• **Extracted records**:

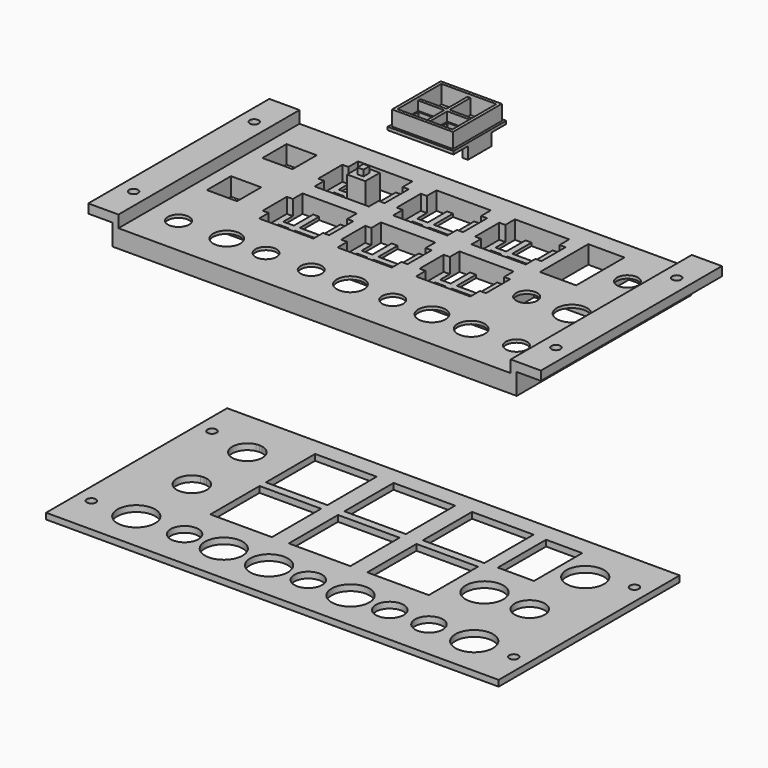
from build123d import *

# Parameters (mm, degrees)
F0_W      = 150
F0_H      = 75
F0_R      = 1.5
F0_R_2    = 3.5
F0_R_3    = 4.5
F0_R_4    = 5
F0_W_2    = 12
F0_H_2    = 20
F0_W_3    = 2
F0_H_3    = 10
F2_DEPTH  = 1
F3_DEPTH  = 5
F4_W      = 2
F4_H      = 10
F4_W_2    = 10
F5_DEPTH  = 5
F6_W      = 1.8
F6_H      = 9.8
F7_DEPTH  = 1
F8_DEPTH  = 4
F9_W      = 20.2
F9_H      = 20.2
F9_W_2    = 18.2
F9_H_2    = 18.2
F10_DEPTH = 5
F12_W     = 6
F12_H     = 4
F12_H_2   = 2
F13_DEPTH = 8
F11_W     = 8.6
F11_H     = 1
F11_W_2   = 1
F11_H_2   = 8.6
F14_DEPTH = 6
F15_W     = 18.2
F15_H     = 18.2
F16_DEPTH = 1
F18_W     = 2
F18_H     = 2.5
F19_DEPTH = 2
F20_W     = 8.6
F20_H     = 8.6
F20_W_2   = 7.6
F20_H_2   = 7.6
F21_DEPTH = 2
F17_W     = 2
F17_H     = 2.5
F22_DEPTH = 2
F23_R     = 3.5
F23_R_2   = 4.5
F23_R_3   = 5
F23_W     = 16
F23_H     = 21
F24_DEPTH = 5
F1_W      = 150
F1_H      = 75
F1_R      = 1.5
F1_R_2    = 6.25
F1_R_3    = 4.6
F1_W_2    = 20.4
F1_H_2    = 20.4
F1_R_4    = 5
F1_W_3    = 12
F1_H_3    = 20
F25_DEPTH = 2
F26_W     = 10
F26_H     = 75
F26_R     = 1.5
F27_DEPTH = 4
F28_W     = 8
F28_H     = 7
F29_DEPTH = 77.8
F30_W     = 134
F30_H     = 2.5
F31_DEPTH = 3


with BuildPart() as f2:
    # F0 (on Top) → F2 (new body)
    with BuildSketch(Plane.XY):
        with Locations((-80.504784634, -19.5405644029)):
            Rectangle(F0_W, F0_H)
        with Locations((-150.504784634, -44.5405644029)):
            Circle(F0_R, mode=Mode.SUBTRACT)
        with Locations((-136.004784634, -44.0405644029)):
            Circle(F0_R_2, mode=Mode.SUBTRACT)
        with Locations((-120.004784634, -44.0405644029)):
            Circle(F0_R_3, mode=Mode.SUBTRACT)
        with Locations((-107.004784634, -44.0405644029)):
            Circle(F0_R_2, mode=Mode.SUBTRACT)
        with Locations((-92.004784634, -44.0405644029)):
            Circle(F0_R_2, mode=Mode.SUBTRACT)
        Polygon((-131.004784634, -16.0405644029), (-131.004784634, -26.0405644029), (-135.004784634, -26.0405644029), (-137.004784634, -26.0405644029), (-141.004784634, -26.0405644029), (-141.004784634, -16.0405644029), (-137.004784634, -16.0405644029), (-135.004784634, -16.0405644029), align=None, mode=Mode.SUBTRACT)
        Polygon((-102.504784634, -22.0405644029), (-102.504784634, -30.0405644029), (-105.9770819313, -30.0405644029), (-107.9770819313, -30.0405644029), (-114.9770819313, -30.0405644029), (-116.9770819313, -30.0405644029), (-120.504784634, -30.0405644029), (-120.504784634, -22.0405644029), (-120.504784634, -20.0405644029), (-120.504784634, -12.0405644029), (-116.9770819313, -12.0405644029), (-114.9770819313, -12.0405644029), (-107.9770819313, -12.0405644029), (-105.9770819313, -12.0405644029), (-102.504784634, -12.0405644029), (-102.504784634, -20.0405644029), align=None, mode=Mode.SUBTRACT)
        Polygon((-76.504784634, -12.0405644029), (-76.504784634, -20.0405644029), (-76.504784634, -22.0405644029), (-76.504784634, -30.0405644029), (-79.9770819313, -30.0405644029), (-81.9770819313, -30.0405644029), (-88.9770819313, -30.0405644029), (-90.9770819313, -30.0405644029), (-94.504784634, -30.0405644029), (-94.504784634, -22.0405644029), (-94.504784634, -20.0405644029), (-94.504784634, -12.0405644029), (-90.9770819313, -12.0405644029), (-88.9770819313, -12.0405644029), (-81.9770819313, -12.0405644029), (-79.9770819313, -12.0405644029), align=None, mode=Mode.SUBTRACT)
        with Locations((-79.004784634, -44.0405644029)):
            Circle(F0_R_3, mode=Mode.SUBTRACT)
        with Locations((-65.004784634, -44.0405644029)):
            Circle(F0_R_2, mode=Mode.SUBTRACT)
        with Locations((-52.004784634, -44.0405644029)):
            Circle(F0_R_3, mode=Mode.SUBTRACT)
        with Locations((-39.004784634, -44.0405644029)):
            Circle(F0_R_3, mode=Mode.SUBTRACT)
        with Locations((-24.004784634, -44.0405644029)):
            Circle(F0_R_2, mode=Mode.SUBTRACT)
        with Locations((-10.504784634, -44.5405644029)):
            Circle(F0_R, mode=Mode.SUBTRACT)
        Polygon((-50.504784634, -12.0405644029), (-50.504784634, -20.0405644029), (-50.504784634, -22.0405644029), (-50.504784634, -30.0405644029), (-53.9770819313, -30.0405644029), (-55.9770819313, -30.0405644029), (-62.9770819313, -30.0405644029), (-64.9770819313, -30.0405644029), (-68.504784634, -30.0405644029), (-68.504784634, -22.0405644029), (-68.504784634, -20.0405644029), (-68.504784634, -12.0405644029), (-64.9770819313, -12.0405644029), (-62.9770819313, -12.0405644029), (-55.9770819313, -12.0405644029), (-53.9770819313, -12.0405644029), align=None, mode=Mode.SUBTRACT)
        with Locations((-39.004784634, -21.0405644029)):
            Circle(F0_R_2, mode=Mode.SUBTRACT)
        with Locations((-24.004784634, -21.0405644029)):
            Circle(F0_R_4, mode=Mode.SUBTRACT)
        with Locations((-150.504784634, 5.4594355971)):
            Circle(F0_R, mode=Mode.SUBTRACT)
        Polygon((-131.004784634, 6.9594355971), (-131.004784634, -3.0405644029), (-135.004784634, -3.0405644029), (-137.004784634, -3.0405644029), (-141.004784634, -3.0405644029), (-141.004784634, 6.9594355971), (-137.004784634, 6.9594355971), (-135.004784634, 6.9594355971), align=None, mode=Mode.SUBTRACT)
        Polygon((-102.504784634, 0.9594355971), (-102.504784634, -7.0405644029), (-106.004784634, -7.0405644029), (-108.004784634, -7.0405644029), (-115.004784634, -7.0405644029), (-117.004784634, -7.0405644029), (-120.504784634, -7.0405644029), (-120.504784634, 0.9594355971), (-120.504784634, 2.9594355971), (-120.504784634, 10.9594355971), (-117.004784634, 10.9594355971), (-115.004784634, 10.9594355971), (-108.004784634, 10.9594355971), (-106.004784634, 10.9594355971), (-102.504784634, 10.9594355971), (-102.504784634, 2.9594355971), align=None, mode=Mode.SUBTRACT)
        Polygon((-94.504784634, 10.9594355971), (-91.004784634, 10.9594355971), (-89.004784634, 10.9594355971), (-82.004784634, 10.9594355971), (-80.004784634, 10.9594355971), (-76.504784634, 10.9594355971), (-76.504784634, 2.9594355971), (-76.504784634, 0.9594355971), (-76.504784634, -7.0405644029), (-80.004784634, -7.0405644029), (-82.004784634, -7.0405644029), (-89.004784634, -7.0405644029), (-91.004784634, -7.0405644029), (-94.504784634, -7.0405644029), (-94.504784634, 0.9594355971), (-94.504784634, 2.9594355971), align=None, mode=Mode.SUBTRACT)
        Polygon((-68.504784634, 10.9594355971), (-65.004784634, 10.9594355971), (-63.004784634, 10.9594355971), (-56.004784634, 10.9594355971), (-54.004784634, 10.9594355971), (-50.504784634, 10.9594355971), (-50.504784634, 2.9594355971), (-50.504784634, 0.9594355971), (-50.504784634, -7.0405644029), (-54.004784634, -7.0405644029), (-56.004784634, -7.0405644029), (-63.004784634, -7.0405644029), (-65.004784634, -7.0405644029), (-68.504784634, -7.0405644029), (-68.504784634, 0.9594355971), (-68.504784634, 2.9594355971), align=None, mode=Mode.SUBTRACT)
        with Locations((-39.004784634, 1.9594355971)):
            Rectangle(F0_W_2, F0_H_2, mode=Mode.SUBTRACT)
        with Locations((-24.004784634, 1.9594355971)):
            Circle(F0_R_2, mode=Mode.SUBTRACT)
        with Locations((-10.504784634, 5.4594355971)):
            Circle(F0_R, mode=Mode.SUBTRACT)
        Polygon((-108.004784634, -7.0405644029), (-106.004784634, -7.0405644029), (-106.004784634, 0.9594355971), (-102.504784634, 0.9594355971), (-102.504784634, 2.9594355971), (-106.004784634, 2.9594355971), (-106.004784634, 10.9594355971), (-108.004784634, 10.9594355971), (-108.004784634, 2.9594355971), (-115.004784634, 2.9594355971), (-115.004784634, 10.9594355971), (-117.004784634, 10.9594355971), (-117.004784634, 2.9594355971), (-120.504784634, 2.9594355971), (-120.504784634, 0.9594355971), (-117.004784634, 0.9594355971), (-117.004784634, -7.0405644029), (-115.004784634, -7.0405644029), (-115.004784634, 0.9594355971), (-108.004784634, 0.9594355971), align=None)
        Polygon((-107.9770819313, -30.0405644029), (-105.9770819313, -30.0405644029), (-105.9770819313, -22.0405644029), (-102.504784634, -22.0405644029), (-102.504784634, -20.0405644029), (-105.9770819313, -20.0405644029), (-105.9770819313, -12.0405644029), (-107.9770819313, -12.0405644029), (-107.9770819313, -20.0405644029), (-114.9770819313, -20.0405644029), (-114.9770819313, -12.0405644029), (-116.9770819313, -12.0405644029), (-116.9770819313, -20.0405644029), (-120.504784634, -20.0405644029), (-120.504784634, -22.0405644029), (-116.9770819313, -22.0405644029), (-116.9770819313, -30.0405644029), (-114.9770819313, -30.0405644029), (-114.9770819313, -22.0405644029), (-107.9770819313, -22.0405644029), align=None)
        Polygon((-91.004784634, 10.9594355971), (-91.004784634, 2.9594355971), (-94.504784634, 2.9594355971), (-94.504784634, 0.9594355971), (-91.004784634, 0.9594355971), (-91.004784634, -7.0405644029), (-89.004784634, -7.0405644029), (-89.004784634, 0.9594355971), (-82.004784634, 0.9594355971), (-82.004784634, -7.0405644029), (-80.004784634, -7.0405644029), (-80.004784634, 0.9594355971), (-76.504784634, 0.9594355971), (-76.504784634, 2.9594355971), (-80.004784634, 2.9594355971), (-80.004784634, 10.9594355971), (-82.004784634, 10.9594355971), (-82.004784634, 2.9594355971), (-89.004784634, 2.9594355971), (-89.004784634, 10.9594355971), align=None)
        Polygon((-65.004784634, 10.9594355971), (-65.004784634, 2.9594355971), (-68.504784634, 2.9594355971), (-68.504784634, 0.9594355971), (-65.004784634, 0.9594355971), (-65.004784634, -7.0405644029), (-63.004784634, -7.0405644029), (-63.004784634, 0.9594355971), (-56.004784634, 0.9594355971), (-56.004784634, -7.0405644029), (-54.004784634, -7.0405644029), (-54.004784634, 0.9594355971), (-50.504784634, 0.9594355971), (-50.504784634, 2.9594355971), (-54.004784634, 2.9594355971), (-54.004784634, 10.9594355971), (-56.004784634, 10.9594355971), (-56.004784634, 2.9594355971), (-63.004784634, 2.9594355971), (-63.004784634, 10.9594355971), align=None)
        Polygon((-50.504784634, -22.0405644029), (-50.504784634, -20.0405644029), (-53.9770819313, -20.0405644029), (-53.9770819313, -12.0405644029), (-55.9770819313, -12.0405644029), (-55.9770819313, -20.0405644029), (-62.9770819313, -20.0405644029), (-62.9770819313, -12.0405644029), (-64.9770819313, -12.0405644029), (-64.9770819313, -20.0405644029), (-68.504784634, -20.0405644029), (-68.504784634, -22.0405644029), (-64.9770819313, -22.0405644029), (-64.9770819313, -30.0405644029), (-62.9770819313, -30.0405644029), (-62.9770819313, -22.0405644029), (-55.9770819313, -22.0405644029), (-55.9770819313, -30.0405644029), (-53.9770819313, -30.0405644029), (-53.9770819313, -22.0405644029), align=None)
        Polygon((-76.504784634, -22.0405644029), (-76.504784634, -20.0405644029), (-79.9770819313, -20.0405644029), (-79.9770819313, -12.0405644029), (-81.9770819313, -12.0405644029), (-81.9770819313, -20.0405644029), (-88.9770819313, -20.0405644029), (-88.9770819313, -12.0405644029), (-90.9770819313, -12.0405644029), (-90.9770819313, -20.0405644029), (-94.504784634, -20.0405644029), (-94.504784634, -22.0405644029), (-90.9770819313, -22.0405644029), (-90.9770819313, -30.0405644029), (-88.9770819313, -30.0405644029), (-88.9770819313, -22.0405644029), (-81.9770819313, -22.0405644029), (-81.9770819313, -30.0405644029), (-79.9770819313, -30.0405644029), (-79.9770819313, -22.0405644029), align=None)
        with Locations((-136.004784634, 1.9594355971)):
            Rectangle(F0_W_3, F0_H_3)
        with Locations((-136.004784634, -21.0405644029)):
            Rectangle(F0_W_3, F0_H_3)
    extrude(amount=F2_DEPTH)

    # F3 (add): a face of the model
    f3_faces = [f2.faces().sort_by_distance(p)[0] for p in [
        (-80.9297828896, -20.6563587059, 1),
    ]]
    extrude(f3_faces, amount=F3_DEPTH)

    # F4 (on face) → F5 (cut)
    with BuildSketch(Plane.XY.offset(6)):
        Polygon((-120.504784634, -7.0405644029), (-102.504784634, -7.0405644029), (-102.504784634, -3.0405644029), (-102.504784634, 6.9594355971), (-102.504784634, 10.9594355971), (-120.504784634, 10.9594355971), (-120.504784634, 6.9594355971), (-120.504784634, -3.0405644029), align=None)
        with Locations((-101.504784634, 1.9594355971)):
            Rectangle(F4_W, F4_H)
        with Locations((-121.504784634, 1.9594355971)):
            Rectangle(F4_W, F4_H)
        Polygon((-120.504784634, -30.0405644029), (-102.504784634, -30.0405644029), (-102.504784634, -26.0405644029), (-102.504784634, -16.0405644029), (-102.504784634, -12.0405644029), (-120.504784634, -12.0405644029), (-120.504784634, -16.0405644029), (-120.504784634, -26.0405644029), align=None)
        with Locations((-101.504784634, -21.0405644029)):
            Rectangle(F4_W, F4_H)
        with Locations((-121.504784634, -21.0405644029)):
            Rectangle(F4_W, F4_H)
        with Locations((-75.504784634, 1.9594355971)):
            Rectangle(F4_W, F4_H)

• **Brief**: Look for the word "amount" throughout the material above and copy every line that has it.

• **Final answer**:
    extrude(amount=F2_DEPTH)
    extrude(f3_faces, amount=F3_DEPTH)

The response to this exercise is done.